Настя собралась было отложить его в сторону, не читая, просто мазнула глазами по выведенному заглавными буквами слову «ЗАВЕЩАНИЕ» и решила, что нет смысла его читать, поскольку с ним и так все ясно. Но уже в следующее мгновение поняла, что с этой бумагой что-то не так. В ней не было слов «краеведческий музей», зато было имя Маргариты Владимировны Нечаенко, которой по воле завещателя отходило все личное имущество Галины Ильиничны, включая квартиру, вещи в ней, предметы обстановки, ювелирные изделия, счет в Сбербанке… Это еще что? Новое завещание, которое Галина Ильинична не успела оформить должным образом у нотариуса? Настя посмотрела на дату: середина февраля прошлого года, почти за месяц до убийства. Почему же Корягина не нашла времени дойти до нотариальной конторы, если собиралась изменить завещание? Не торопилась? Была уверена, что проживет еще долго? Или что?

Она вытащила телефон и позвонила Дмитрию Федулову.

— В какой нотариальной конторе оформлялось завещание Корягиной?

— Ну, я так навскидку не помню… Кажется, в той, что рядом с ее домом. Погодите, я у Илюхи спрошу, он всегда все записывает.

Голос Федулова отдалился от трубки, до Насти донесся бархатный баритон Вторушина, оперативники о чем-то переговаривались, потом трубку взял Илья.

— Вторая нотариальная контора, нотариус Бразовкин.

— Это далеко от дома Корягиной?

— Да рядом, минуты три-четыре неспешным шагом.

— Илья, вы могли бы позвонить этому нотариусу и спросить, не звонила ли ему Корягина в течение последнего месяца перед убийством? Может быть, они случайно встретились на улице?

— И что?

— Меня интересует, не высказывала ли она намерения изменить завещание. Я нашла в ее бумагах черновик завещания в пользу Нечаенко, ее квартирантки.

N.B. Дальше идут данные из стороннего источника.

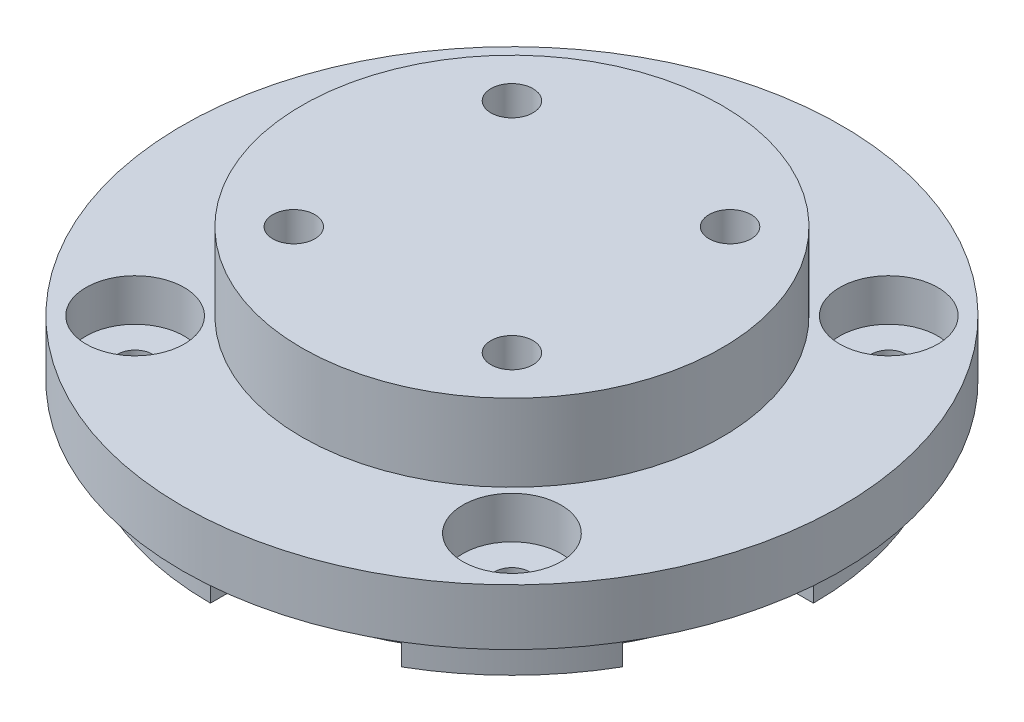
ISO-10303-21;
HEADER;
FILE_DESCRIPTION(('STEP AP214'),'2;1');
FILE_NAME('part.step','',(''),(''),'','','');
FILE_SCHEMA(('AUTOMOTIVE_DESIGN { 1 0 10303 214 1 1 1 1 }'));
ENDSEC;
DATA;
#1=APPLICATION_CONTEXT('core data for automotive mechanical design processes');
#2=APPLICATION_PROTOCOL_DEFINITION('international standard','automotive_design',2000,#1);
#3=PRODUCT_CONTEXT('',#1,'mechanical');
#4=PRODUCT('Part','Part','',(#3));
#5=PRODUCT_RELATED_PRODUCT_CATEGORY('part','',(#4));
#6=PRODUCT_DEFINITION_FORMATION('','',#4);
#7=PRODUCT_DEFINITION_CONTEXT('part definition',#1,'design');
#8=PRODUCT_DEFINITION('design','',#6,#7);
#9=PRODUCT_DEFINITION_SHAPE('','',#8);
#10=(LENGTH_UNIT() NAMED_UNIT(*) SI_UNIT(.MILLI.,.METRE.));
#11=(NAMED_UNIT(*) PLANE_ANGLE_UNIT() SI_UNIT($,.RADIAN.));
#12=(NAMED_UNIT(*) SI_UNIT($,.STERADIAN.) SOLID_ANGLE_UNIT());
#13=UNCERTAINTY_MEASURE_WITH_UNIT(LENGTH_MEASURE(1.E-05),#10,'distance_accuracy_value','');
#14=(GEOMETRIC_REPRESENTATION_CONTEXT(3) GLOBAL_UNCERTAINTY_ASSIGNED_CONTEXT((#13)) GLOBAL_UNIT_ASSIGNED_CONTEXT((#10,
#11,#12)) REPRESENTATION_CONTEXT('',''));
#15=CARTESIAN_POINT('',(0.,0.,0.));
#16=DIRECTION('',(0.,0.,1.));
#17=DIRECTION('',(1.,0.,0.));
#18=AXIS2_PLACEMENT_3D('',#15,#16,#17);
#19=CARTESIAN_POINT('',(0.,7.,0.));
#20=DIRECTION('',(0.,-1.,0.));
#21=DIRECTION('',(0.,0.,-1.));
#22=AXIS2_PLACEMENT_3D('',#19,#20,#21);
#23=CYLINDRICAL_SURFACE('',#22,21.5);
#24=DIRECTION('',(0.,-1.,0.));
#25=VECTOR('',#24,1.);
#26=CARTESIAN_POINT('',(18.6195461813654,14.6977646978707,10.75));
#27=LINE('',#26,#25);
#28=CARTESIAN_POINT('',(18.6195461813654,3.,10.75));
#29=VERTEX_POINT('',#28);
#30=CARTESIAN_POINT('',(18.6195461813654,0.,10.75));
#31=VERTEX_POINT('',#30);
#32=EDGE_CURVE('E122',#29,#31,#27,.T.);
#33=ORIENTED_EDGE('',*,*,#32,.F.);
#34=CARTESIAN_POINT('',(0.,3.,0.));
#35=DIRECTION('',(0.,1.,0.));
#36=DIRECTION('',(0.,0.,1.));
#37=AXIS2_PLACEMENT_3D('',#34,#35,#36);
#38=CIRCLE('',#37,21.5);
#39=CARTESIAN_POINT('',(10.7499999999999,3.,18.6195461813655));
#40=VERTEX_POINT('',#39);
#41=EDGE_CURVE('E11',#40,#29,#38,.T.);
#42=ORIENTED_EDGE('',*,*,#41,.F.);
#43=DIRECTION('',(0.,-1.,0.));
#44=VECTOR('',#43,1.);
#45=CARTESIAN_POINT('',(10.7499999999999,14.6977646978707,18.6195461813655));
#46=LINE('',#45,#44);
#47=CARTESIAN_POINT('',(10.7499999999999,0.,18.6195461813655));
#48=VERTEX_POINT('',#47);
#49=EDGE_CURVE('E158',#40,#48,#46,.T.);
#50=ORIENTED_EDGE('',*,*,#49,.T.);
#51=CARTESIAN_POINT('',(0.,0.,0.));
#52=DIRECTION('',(0.,1.,0.));
#53=DIRECTION('',(0.,0.,1.));
#54=AXIS2_PLACEMENT_3D('',#51,#52,#53);
#55=CIRCLE('',#54,21.5);
#56=EDGE_CURVE('E222',#48,#31,#55,.T.);
#57=ORIENTED_EDGE('',*,*,#56,.T.);
#58=EDGE_LOOP('',(#33,#42,#50,#57));
#59=FACE_BOUND('',#58,.T.);
#60=ADVANCED_FACE('F43',(#59),#23,.T.);
#61=CARTESIAN_POINT('',(21.5,3.,0.));
#62=VERTEX_POINT('',#61);
#63=CARTESIAN_POINT('',(0.,3.,21.5));
#64=VERTEX_POINT('',#63);
#65=EDGE_CURVE('E51',#62,#64,#38,.T.);
#66=ORIENTED_EDGE('',*,*,#65,.F.);
#67=DIRECTION('',(0.,-1.,0.));
#68=VECTOR('',#67,1.);
#69=CARTESIAN_POINT('',(21.5,14.6977646978707,0.));
#70=LINE('',#69,#68);
#71=CARTESIAN_POINT('',(21.5,0.,0.));
#72=VERTEX_POINT('',#71);
#73=EDGE_CURVE('E141',#62,#72,#70,.T.);
#74=ORIENTED_EDGE('',*,*,#73,.T.);
#75=CARTESIAN_POINT('',(0.,0.,21.5));
#76=VERTEX_POINT('',#75);
#77=EDGE_CURVE('E218',#72,#76,#55,.T.);
#78=ORIENTED_EDGE('',*,*,#77,.T.);
#79=DIRECTION('',(0.,-1.,0.));
#80=VECTOR('',#79,1.);
#81=CARTESIAN_POINT('',(0.,14.6977646978707,21.5));
#82=LINE('',#81,#80);
#83=EDGE_CURVE('E153',#64,#76,#82,.T.);
#84=ORIENTED_EDGE('',*,*,#83,.F.);
#85=EDGE_LOOP('',(#66,#74,#78,#84));
#86=FACE_BOUND('',#85,.T.);
#87=ADVANCED_FACE('F249',(#86),#23,.T.);
#88=CARTESIAN_POINT('',(0.,0.,0.));
#89=DIRECTION('',(0.,1.,0.));
#90=DIRECTION('',(0.,0.,1.));
#91=AXIS2_PLACEMENT_3D('',#88,#89,#90);
#92=PLANE('',#91);
#93=CARTESIAN_POINT('',(0.,0.,0.));
#94=DIRECTION('',(0.,1.,0.));
#95=DIRECTION('',(0.,0.,1.));
#96=AXIS2_PLACEMENT_3D('',#93,#94,#95);
#97=CIRCLE('',#96,14.48);
#98=CARTESIAN_POINT('',(0.,0.,14.48));
#99=VERTEX_POINT('',#98);
#100=EDGE_CURVE('E565',#99,#99,#97,.T.);
#101=ORIENTED_EDGE('',*,*,#100,.T.);
#102=EDGE_LOOP('',(#101));
#103=FACE_BOUND('',#102,.T.);
#104=CARTESIAN_POINT('',(13.4350288425444,0.,-13.4350288425444));
#105=DIRECTION('',(0.,1.,0.));
#106=DIRECTION('',(0.,0.,1.));
#107=AXIS2_PLACEMENT_3D('',#104,#105,#106);
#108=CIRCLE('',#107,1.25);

— Да ну? — изумился Илья. — А где вы взяли ее бумаги?

— В краеведческом музее. Странно, что вы этот черновик не нашли в свое время, — Настя не удержалась, чтобы не поддеть Вторушина.

— Да мы ее квартиру практически не осматривали, это же не место преступления. И в бумагах не рылись. Мы были уверены, что преступление совершено маньяком. Погодите, Анастасия Павловна, но какое значение имеет этот черновик, если старое завещание все равно осталось в силе? У Нечаенко не могло быть мотива для убийства, потому что новое завещание так и не было оформлено у нотариуса.